| EXERCISE INSTRUCTIONS |
Where a line below holds the string "other", that line goes into the answer.
[[ SOURCE DATA, beginning ]]
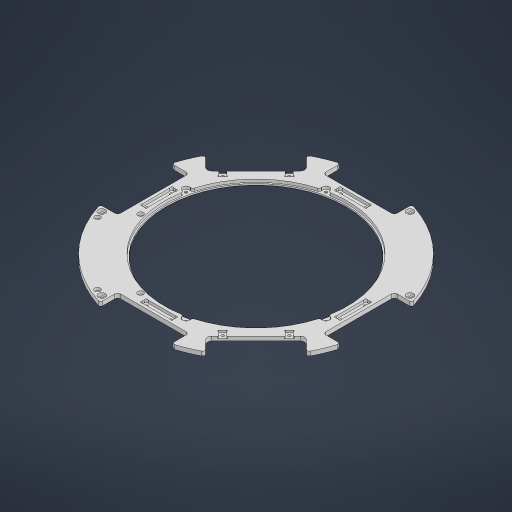
# Autodesk Inventor part: BasePlate
Saved by Autodesk Inventor 2024.2 (Build 282272000, 272)
## iProperties
Created: 2023-12-21
Part Number: BasePlate
Material: 一般
Document SubType Name: Modeling
Designer: Hanaoka
Density: 1 g/cm^3
Appearance: 既定
Author: Hanaoka
Autodesk Inventor part; units mm, degrees
ref_plane "YZ Plane" through (0, 0, 0) normal (1, 0, 0) x (0, 1, 0)
ref_plane "XZ Plane" through (0, 0, 0) normal (0, 1, 0) x (-1, 0, 0)
ref_plane "XY Plane" through (0, 0, 0) normal (0, 0, 1) x (1, 0, 0)
derived "MotorMount_main.ipt"
sketch "モーター固定" plane through (-11, -15, 0) normal (0, -1, 0) x (1, 0, 0)
  circle A0 centre (19.5, 2) radius 0.8
  circle A1 centre (2.5, 2) radius 0.8
  line L0 (22, 0) -> (0, 0)
  line L1 (0, 0) -> (0, 4)
  line L2 (22, 4) -> (0, 4)
  line L3 (22, 0) -> (22, 4)
  circle A2 centre (11, -66) radius 90 construction
  line L4 (2.5, 2) -> (19.5, 2) construction
  line L5 (11, 2) -> (11, -66) construction
  circle A3 centre (11, -66) radius 88
  line L6 (-14, 18.3742) -> (-14, 8)
  line L7 (-12, 6) -> (34, 6)
  line L8 (36, 8) -> (36, 18.3742)
  arc A4 (-14, 8) -> (-12, 6) centre (-12, 8) ccw
  arc A5 (34, 6) -> (36, 8) centre (34, 8) ccw
  line L9 (0, 0) -> (22, 0)
  line L10 (22, 0) -> (22, 4)
  line L11 (22, 4) -> (0, 4)
  line L12 (0, 4) -> (0, 0)
  circle A6 centre (19.5, 2) radius 1
  circle A7 centre (2.5, 2) radius 1
  circle A8 centre (-57, -74.5) radius 1
  line L13 (-59, -77) -> (-55, -77)
  line L14 (-57, -74.5) -> (-57, -57.5) construction
  line L15 (-59, -55) -> (-59, -77)
  line L16 (-55, -55) -> (-59, -55)
  line L17 (-55, -77) -> (-55, -55)
  line L18 (-61, -89) -> (-61, -43)
  circle A9 centre (-57, -57.5) radius 1
  arc A10 (-63, -91) -> (-61, -89) centre (-63, -89) ccw
  line L19 (-63, -41) -> (-73.3742, -41)
  arc A11 (-61, -43) -> (-63, -41) centre (-63, -43) ccw
  line L20 (-73.3742, -91) -> (-63, -91)
  circle A12 centre (19.5, -134) radius 1
  line L21 (22, -136) -> (22, -132)
  line L22 (19.5, -134) -> (2.5, -134) construction
  line L23 (0, -136) -> (22, -136)
  line L24 (0, -132) -> (0, -136)
  line L25 (22, -132) -> (0, -132)
  line L26 (34, -138) -> (-12, -138)
  circle A13 centre (2.5, -134) radius 1
  arc A14 (36, -140) -> (34, -138) centre (34, -140) ccw
  line L27 (-14, -140) -> (-14, -150.3742)
  arc A15 (-12, -138) -> (-14, -140) centre (-12, -140) ccw
  line L28 (36, -150.3742) -> (36, -140)
  circle A16 centre (79, -57.5) radius 1
  line L29 (81, -55) -> (77, -55)
  line L30 (79, -57.5) -> (79, -74.5) construction
  line L31 (81, -77) -> (81, -55)
  line L32 (77, -77) -> (81, -77)
  line L33 (77, -55) -> (77, -77)
  line L34 (83, -43) -> (83, -89)
  circle A17 centre (79, -74.5) radius 1
  arc A18 (85, -41) -> (83, -43) centre (85, -43) ccw
  line L35 (85, -91) -> (95.3742, -91)
  arc A19 (83, -89) -> (85, -91) centre (85, -89) ccw
  line L36 (95.3742, -41) -> (85, -41)
  arc A20 (78.4142, -55) -> (77, -56.4142) centre (77.7071, -55.7071) ccw
  line L37 (77.7071, -55.7071) -> (77.7071, -55) construction
  line L38 (77.7071, -55.7071) -> (77, -55.7071) construction
  line L39 (77.7071, -55.7071) -> (77, -55) construction
  line L40 (80.2929, -55) -> (80.2929, -55.7071) construction
  line L41 (80.2929, -55.7071) -> (81, -55.7071) construction
  line L42 (77.7071, -77) -> (77.7071, -76.2929) construction
  line L43 (77.7071, -76.2929) -> (77, -76.2929) construction
  line L44 (81, -76.2929) -> (80.2929, -76.2929) construction
  line L45 (80.2929, -76.2929) -> (80.2929, -77) construction
  line L46 (81, -77) -> (80.2929, -76.2929) construction
  line L47 (77.7071, -76.2929) -> (77, -77) construction
  line L48 (81, -55) -> (80.2929, -55.7071) construction
  arc A21 (81, -56.4142) -> (79.5858, -55) centre (80.2929, -55.7071) ccw
  arc A22 (79.5858, -77) -> (81, -75.5858) centre (80.2929, -76.2929) ccw
  arc A23 (77, -75.5858) -> (78.4142, -77) centre (77.7071, -76.2929) ccw
  arc A24 (20.5858, 0) -> (22, 1.4142) centre (21.2929, 0.7071) ccw
  arc A25 (22, 2.5858) -> (20.5858, 4) centre (21.2929, 3.2929) ccw
  arc A26 (0, 1.4142) -> (1.4142, 0) centre (0.7071, 0.7071) ccw
  arc A27 (1.4142, 4) -> (0, 2.5858) centre (0.7071, 3.2929) ccw
  arc A28 (-55, -56.4142) -> (-56.4142, -55) centre (-55.7071, -55.7071) ccw
  arc A29 (-57.5858, -55) -> (-59, -56.4142) centre (-58.2929, -55.7071) ccw
  arc A30 (-56.4142, -77) -> (-55, -75.5858) centre (-55.7071, -76.2929) ccw
  arc A31 (-59, -75.5858) -> (-57.5858, -77) centre (-58.2929, -76.2929) ccw
  arc A32 (1.4142, -132) -> (0, -133.4142) centre (0.7071, -132.7071) ccw
  arc A33 (0, -134.5858) -> (1.4142, -136) centre (0.7071, -135.2929) ccw
  arc A34 (22, -133.4142) -> (20.5858, -132) centre (21.2929, -132.7071) ccw
  arc A35 (20.5858, -136) -> (22, -134.5858) centre (21.2929, -135.2929) ccw
  point P0 (11, 0)
  point P1 (-14, 6)
  point P2 (36, 6)
  point P3 (-57, -66)
  point P4 (-61, -91)
  point P5 (-61, -41)
  point P6 (11, -134)
  point P7 (36, -138)
  point P8 (-14, -138)
  point P9 (79, -66)
  point P10 (83, -41)
  point P11 (83, -91)
  point P12 (22, -134.5858)
  point P13 (20.5858, -136)
  point P14 (1.4142, -136)
  point P15 (0, -134.5858)
  point P16 (0, -133.4142)
  point P17 (1.4142, -132)
  point P18 (20.5858, -132)
  point P19 (-59, -75.5858)
  point P20 (-59, -56.4142)
  point P21 (-57.5858, -55)
  point P22 (-55, -75.5858)
  point P23 (0, 2.5858)
  point P24 (1.4142, 4)
  point P25 (20.5858, 4)
  point P26 (22, 2.5858)
  point P27 (22, 1.4142)
  point P28 (20.5858, 0)
  point P29 (1.4142, 0)
  point P30 (0, 1.4142)
  dimension "d4" = 180
  dimension "d5" = 68
  dimension "d6" = 176
  dimension "d11" = 2
  dimension "d12" = 50
  dimension "d13" = 2
  dimension "d14" = 2
  dimension "d17" = 360
  dimension "d31" = 1
  dimension "d32" = 1
  dimension "d35" = 360
  measures "d4" diameter of A2
  measures "d5" distance of L5.start L5.end
  measures "d6" diameter of A3
  measures "d11" distance between parallel lines of L7 L2
  measures "d12" distance of point (-14, 6) point (36, 6)
  measures "d13" radius of A4
  measures "d14" diameter of A7
  measures "d31" radius of A20
  measures "d32" distance of L37.start L29.end
extrude "押し出し2" add sketch "モーター固定" along normal blind 1 contours A24 L0 | L0 L1 L2 L3 | L3 A24 | A26 L0 | L3 A25 | A26 L1 | L2 A25 | A27 L1 | L2 A27 | L36 A18 L34 A19 L35 A3 L28 A14 L26 A15 L27 L20 A10 L18 A11 L19 L6 A4 L7 A5 L8 | A6 | A7 | L15 L16 L17 L13 | A31 L15 | L13 A31 | L13 A30 | A29 L15 | L17 A30 | A29 L16 | L17 A28 | A28 L16 | L23 L24 L25 L21 | A35 L23 | L21 A35 | L21 A34 | A33 L23 | L25 A34 | A33 L24 | L25 A32 | A32 L24 | L31 L32 L33 L29 | A21 L31 | L29 A21 | L29 A20 | A22 L31 | L33 A20 | A22 L32 | L33 A23 | A23 L32
extrude "押し出し3" add sketch "モーター固定" against normal blind 2 contours L36 A18 L34 A19 L35 A3 L28 A14 L26 A15 L27 L20 A10 L18 A11 L19 L6 A4 L7 A5 L8
fillet "フィレット1" radius 1.5 8 edges at (-84.3742, -14.5, -41) (-25, -14.5, 18.3742) (25, -14.5, 18.3742) (84.3742, -14.5, -41) (84.3742, -14.5, -91) (25, -14.5, -150.3742) (-25, -14.5, -150.3742) (-84.3742, -14.5, -91)
sketch "溝切り" plane through (-23, -13, 6) normal (0, 1, 0) x (1, 0, 0)
  circle A0 centre (102.5487, 100.5) radius 2.5
  line L0 (97, 97) -> (105.3408, 97) projected
  arc A1 (106.7686, 98.9595) -> (49.9595, 155.7686) centre (23, 72) ccw projected
  circle A2 centre (102.5487, 100.5) radius 3.5 construction
  line L1 (85.2254, 134.2254) -> (-39.2254, 9.7746) construction
  arc A3 (-60.7686, 45.0405) -> (-3.9595, -11.7686) centre (23, 72) ccw projected
  circle A4 centre (51.5, 151.5487) radius 2.5
  circle A5 centre (51.5, 151.5487) radius 3.5 construction
  line L2 (-39.2254, 134.2254) -> (85.2254, 9.7746) construction
  arc A6 (49.9595, -11.7686) -> (106.7686, 45.0405) centre (23, 72) ccw projected
  arc A7 (-3.9595, 155.7686) -> (-60.7686, 98.9595) centre (23, 72) ccw projected
  circle A8 centre (-5.5, -7.5487) radius 2.5
  circle A9 centre (-5.5, -7.5487) radius 3.5 construction
  circle A10 centre (-56.5487, 43.5) radius 3.5 construction
  circle A11 centre (-56.5487, 43.5) radius 2.5
  circle A12 centre (102.5487, 100.5) radius 1.3
  circle A13 centre (51.5, 151.5487) radius 1.3
  circle A14 centre (-56.5487, 43.5) radius 1.3
  circle A15 centre (-5.5, -7.5487) radius 1.3
  circle A16 centre (23, 72) radius 63
  line L3 (-54.3392, 113.9839) -> (-46.9146, 106.5593)
  line L4 (-42.672, 106.5593) -> (-11.5593, 137.672)
  line L5 (-11.5593, 141.9146) -> (-18.9839, 149.3392)
  arc A17 (-46.9146, 106.5593) -> (-42.672, 106.5593) centre (-44.7933, 108.6806) ccw
  arc A18 (-11.5593, 137.672) -> (-11.5593, 141.9146) centre (-13.6806, 139.7933) ccw
  circle A19 centre (-41.9648, 136.9648) radius 21 construction
  line L6 (64.9839, -5.3392) -> (57.5593, 2.0854)
  line L7 (57.5593, 6.328) -> (88.672, 37.4407)
  line L8 (92.9146, 37.4407) -> (100.3392, 30.0161)
  arc A20 (57.5593, 6.328) -> (57.5593, 2.0854) centre (59.6806, 4.2067) ccw
  arc A21 (92.9146, 37.4407) -> (88.672, 37.4407) centre (90.7933, 35.3194) ccw
  circle A22 centre (8.2657, 135.8212) radius 2.5 construction
  circle A23 centre (8.2657, 135.8212) radius 1
  line L9 (8.2657, 135.8212) -> (23, 72) construction
  arc A24 (10.7016, 136.3836) -> (5.8298, 135.2589) centre (8.2657, 135.8212) ccw
  line L10 (5.8298, 135.2589) -> (6.4033, 132.7746)
  line L11 (10.7016, 136.3836) -> (11.2752, 133.8993)
  circle A25 centre (-40.8212, 86.7343) radius 2.5 construction
  circle A26 centre (-40.8212, 86.7343) radius 1
  arc A27 (-40.2589, 89.1702) -> (-41.3836, 84.2984) centre (-40.8212, 86.7343) ccw
  line L12 (-40.2589, 89.1702) -> (-37.7746, 88.5967)
  line L13 (-41.3836, 84.2984) -> (-38.8993, 83.7248)
  circle A28 centre (86.8212, 57.2657) radius 2.5 construction
  circle A29 centre (86.8212, 57.2657) radius 1
  arc A30 (86.2589, 54.8298) -> (87.3836, 59.7016) centre (86.8212, 57.2657) ccw
  line L14 (86.2589, 54.8298) -> (83.7746, 55.4033)
  line L15 (87.3836, 59.7016) -> (84.8993, 60.2752)
  line L16 (35.2984, 7.6164) -> (34.7248, 10.1007)
  line L17 (40.1702, 8.7411) -> (39.5967, 11.2254)
  circle A31 centre (37.7343, 8.1788) radius 2.5 construction
  circle A32 centre (37.7343, 8.1788) radius 1
  arc A33 (35.2984, 7.6164) -> (40.1702, 8.7411) centre (37.7343, 8.1788) ccw
  circle A34 centre (23, 72) radius 64
  point P0 (23, 6)
  point P1 (-44.7933, 104.4379)
  point P2 (-9.4379, 139.7933)
  point P3 (83.7746, 55.4033)
  point P4 (-37.7746, 88.5967)
  point P5 (-39.8745, 83.95)
  point P6 (34.95, 9.1255)
  point P7 (39.8218, 10.2503)
  point P8 (84.7497, 55.1782)
  point P9 (85.8745, 60.05)
  point P10 (11.05, 134.8745)
  point P11 (6.1782, 133.7497)
  point P12 (-38.7497, 88.8218)
  dimension "d20" = 5
  dimension "d22" = 7
  dimension "d23" = 2.6
  dimension "d28" = 126
  dimension "d37" = 50
  dimension "d38" = 3
  dimension "d39" = 42
  dimension "d40" = 13.5
  dimension "d45" = 2
  dimension "d46" = 5
  dimension "d47" = 32
  dimension "d48" = 1
  constraints: 35 symmetric about line, 34 end point, 31 centre point, 24 point on circle, 18 coincident, 11 tangent, 6 parallel, 5 equal radius, 5 point on line, 1 midpoint, 17 other
  measures "d20" diameter of A0
  measures "d22" diameter of A2
  measures "d23" diameter of A12
  measures "d28" diameter of A16
  measures "d37" distance of point (-44.793, 104.438) point (-9.438, 139.793)
  measures "d38" radius of A17
  measures "d39" diameter of A19
  measures "d40" distance from line of L5.end L4
  measures "d45" diameter of A23
  measures "d46" diameter of A22
  measures "d47" angle of L2 L9
  measures "d48" radial gap between concentric circles of A16 A34
extrude "押し出し4" cut sketch "溝切り" against normal up to surface (3 mm away) contours A12 | A13 | A14 | A15
extrude "押し出し5" cut sketch "溝切り" against normal blind 2 contours A0 | A4 | A8 | A11 | A15 | A16 | A16 L11 A34 L15 | A16 L10 A34 L11 | L15 A34 L14 A16 | A16 L12 A34 L10 | A34 L10 A24 L11 | L14 A34 L17 A16 | L15 A30 L14 A34 | A16 L13 A34 L12 | L17 A34 L16 A16 | A16 L16 A34 L13 | A34 L13 A27 L12 | L17 A33 L16 A34
extrude "押し出し6" cut sketch "溝切り" against normal up to surface (3 mm away) contours L6 A20 L7 A21 L8 A6 | L5 A18 L4 A17 L3 A7 | A16 | A23 | A26 | A29 | A32
fillet "フィレット2" radius 1.5 4 edges at (-77.3392, -14.5, -107.9839) (-41.9839, -14.5, -143.3392) (41.9839, -14.5, 11.3392) (77.3392, -14.5, -24.0161)
fillet "フィレット3" radius 1.5 8 edges at (-61.7497, -14, -82.8218) (-62.8745, -14, -77.95) (-16.8218, -14, -127.7497) (-11.95, -14, -128.8745) (62.8745, -14, -54.05) (61.7497, -14, -49.1782) (11.95, -14, -3.1255) (16.8218, -14, -4.2503)
sketch "シャフト用はめ穴" plane through (-23, -13, -138) normal (0, 1, 0) x (1, 0, 0)
  circle A0 centre (-54.5262, -105.6146) radius 1
  circle A1 centre (-54.5262, -105.6146) radius 2
  circle A2 centre (-41.4205, -88.5) radius 2
  circle A3 centre (-41.4205, -88.5) radius 1
  circle A4 centre (-56.5487, -100.5) radius 2.5 projected
  circle A5 centre (23, -72) radius 63 projected
  arc A6 (-56.5487, -100.5) -> (-54.5262, -105.6146) centre (23, -72) ccw construction
  line L0 (85.2254, -9.7746) -> (-39.2254, -134.2254) construction
  line L1 (-39.2254, -9.7746) -> (85.2254, -134.2254) construction
  circle A7 centre (-10.6146, -149.5262) radius 1
  circle A8 centre (-10.6146, -149.5262) radius 2
  circle A9 centre (-41.4205, -88.5) radius 2.5 construction
  arc A10 (-40.1225, -61.4382) -> (33.5618, -135.1225) centre (23, -72) ccw projected
  line L2 (-44.4142, -83) -> (-45.5858, -83) projected
  circle A11 centre (6.5, -136.4205) radius 2
  circle A12 centre (6.5, -136.4205) radius 1
  circle A13 centre (6.5, -136.4205) radius 2.5 construction
  circle A14 centre (56.6146, 5.5262) radius 1
  circle A15 centre (56.6146, 5.5262) radius 2
  circle A16 centre (39.5, -7.5795) radius 2
  circle A17 centre (39.5, -7.5795) radius 1
  circle A18 centre (100.5262, -38.3854) radius 1
  circle A19 centre (100.5262, -38.3854) radius 2
  circle A20 centre (87.4205, -55.5) radius 2
  circle A21 centre (87.4205, -55.5) radius 1
  point P0 (23, -138)
  dimension "d50" = 2
  dimension "d51" = 4
  dimension "d52" = 1
  dimension "d53" = 5
  dimension "d54" = 3
  constraints: 19 centre point, 13 symmetric about line, 12 coincident, 2 equal radius, 2 point on circle, 1 tangent, 13 other
  measures "d50" diameter of A0
  measures "d51" diameter of A1
  measures "d53" diameter of A9
  measures "d54" distance edge to line of A9 L2
extrude "押し出し7" cut sketch "シャフト用はめ穴" against normal up to surface (2 mm away) contours A0 | A1 | A2 | A3 | A7 | A8 | A11 | A12
extrude "押し出し8" cut sketch "シャフト用はめ穴" against normal up to surface (3 mm away) contours A0 | A3 | A7 | A12
sketch "キッカー用はめあい" plane through (-23, -13, -138) normal (0, 1, 0) x (1, 0, 0)
  circle A0 centre (83.0151, -108.6806) radius 1
  circle A1 centre (59.6806, -132.0151) radius 1
  line L0 (88.672, -106.5593) -> (57.5593, -137.672) projected
  line L1 (73.1156, -122.1156) -> (68.2548, -117.2548) construction
  line L2 (57.5593, -137.672) -> (88.672, -106.5593) projected
  arc A2 (41.1782, -133.3641) -> (84.3641, -90.1782) centre (23, -72) ccw projected
  line L3 (59.6806, -132.0151) -> (83.0151, -108.6806) construction
  line L4 (86.1971, -109.0341) -> (82.6615, -105.4986)
  line L5 (82.6615, -105.4986) -> (79.8331, -108.327)
  line L6 (79.8331, -108.327) -> (83.3687, -111.8626)
  circle A3 centre (83.0151, -108.6806) radius 2 construction
  line L7 (60.0341, -135.1971) -> (56.4986, -131.6615)
  line L8 (56.4986, -131.6615) -> (59.327, -128.8331)
  line L9 (59.327, -128.8331) -> (62.8626, -132.3687)
  arc A4 (83.3687, -106.2057) -> (82.6615, -105.4986) centre (83.0151, -105.8521) ccw
  line L10 (82.6615, -105.4986) -> (83.0151, -105.8521)
  line L11 (79.8331, -108.327) -> (80.1867, -108.6806)
  arc A5 (79.8331, -108.327) -> (80.5402, -109.0341) centre (80.1867, -108.6806) ccw
  arc A6 (56.4986, -131.6615) -> (57.2057, -132.3687) centre (56.8521, -132.0151) ccw
  arc A7 (60.0341, -129.5402) -> (59.327, -128.8331) centre (59.6806, -129.1867) ccw
  line L12 (-21.5477, -116.5477) -> (67.5477, -27.4523) construction
  circle A8 centre (23, -72) radius 63 projected
  circle A9 centre (-13.6806, -11.9849) radius 1
  circle A10 centre (-37.0151, -35.3194) radius 1
  line L13 (-27.1156, -21.8844) -> (-22.2548, -26.7452) construction
  line L14 (-37.0151, -35.3194) -> (-13.6806, -11.9849) construction
  line L15 (-14.0341, -8.8029) -> (-10.4986, -12.3385)
  line L16 (-10.4986, -12.3385) -> (-13.327, -15.1669)
  line L17 (-13.327, -15.1669) -> (-16.8626, -11.6313)
  circle A11 centre (-13.6806, -11.9849) radius 2 construction
  line L18 (-40.1971, -34.9659) -> (-36.6615, -38.5014)
  line L19 (-36.6615, -38.5014) -> (-33.8331, -35.673)
  line L20 (-33.8331, -35.673) -> (-37.3687, -32.1374)
  arc A12 (-10.4986, -12.3385) -> (-11.2057, -11.6313) centre (-10.8521, -11.9849) ccw
  line L21 (-10.4986, -12.3385) -> (-10.8521, -11.9849)
  line L22 (-13.327, -15.1669) -> (-13.6806, -14.8133)
  arc A13 (-14.0341, -14.4598) -> (-13.327, -15.1669) centre (-13.6806, -14.8133) ccw
  arc A14 (-37.3687, -37.7943) -> (-36.6615, -38.5014) centre (-37.0151, -38.1479) ccw
  arc A15 (-33.8331, -35.673) -> (-34.5402, -34.9659) centre (-34.1867, -35.3194) ccw
  line L23 (-40.1971, -34.9659) -> (-37.3687, -32.1374)
  line L24 (-42.672, -37.4407) -> (-11.5593, -6.328) projected
  line L25 (-16.8626, -11.6313) -> (-14.0341, -8.8029)
  point P0 (23, -138)
  point P1 (56.4986, -131.6615)
  point P2 (57.2057, -132.3687)
  point P3 (-13.327, -15.1669)
  point P4 (-36.6615, -38.5014)
  point P5 (-33.8331, -35.673)
  point P6 (-34.5402, -34.9659)
  point P7 (-37.3687, -37.7943)
  dimension "d59" = 2
  dimension "d60" = 33
  dimension "d61" = 2.5
  dimension "d62" = 4
  dimension "d63" = 5
  dimension "d68" = 0.5
  dimension "d69" = 0.5
  constraints: 46 end point, 37 symmetric about line, 19 point on circle, 14 centre point, 14 point on line, 6 coincident, 4 parallel, 3 perpendicular, 2 collinear, 2 equal radius, 2 midpoint, 2 tangent, 10 other
  measures "d59" diameter of A0
  measures "d60" distance of L3.start L3.end
  measures "d61" distance between parallel lines of L0 L3
  measures "d62" diameter of A3
  measures "d63" distance of L4.start L4.end
  measures "d68" distance of L4.end L10.end
  measures "d69" radius of A4
extrude "押し出し9" cut sketch "キッカー用はめあい" against normal blind 1.5 contours A0 | A1 | L0 L6 L5 L4 | L4 A4 | A5 L6 | L0 L7 L8 L9 | L9 A7 | A6 L7 | A9 | A10 | L15 L16 L17 L24 | A12 L15 | L17 A13 | L23 L20 L19 L18 | L18 A14 | A15 L20
extrude "押し出し10" cut sketch "キッカー用はめあい" against normal up to surface (3 mm away) contours A0 | A1 | A9 | A10
fillet "フィレット4" radius 0.5 8 edges at (37.0341, -13.75, -2.8029) (39.8626, -13.75, -5.6313) (60.3687, -13.75, -26.1374) (63.1971, -13.75, -28.9659) (-63.1971, -13.75, -103.0341) (-60.3687, -13.75, -105.8626) (-39.8626, -13.75, -126.3687) (-37.0341, -13.75, -129.1971)
[[ SOURCE DATA, end ]]
| RESULT OF THIS EXERCISE |
  constraints: 35 symmetric about line, 34 end point, 31 centre point, 24 point on circle, 18 coincident, 11 tangent, 6 parallel, 5 equal radius, 5 point on line, 1 midpoint, 17 other
  constraints: 19 centre point, 13 symmetric about line, 12 coincident, 2 equal radius, 2 point on circle, 1 tangent, 13 other
  constraints: 46 end point, 37 symmetric about line, 19 point on circle, 14 centre point, 14 point on line, 6 coincident, 4 parallel, 3 perpendicular, 2 collinear, 2 equal radius, 2 midpoint, 2 tangent, 10 other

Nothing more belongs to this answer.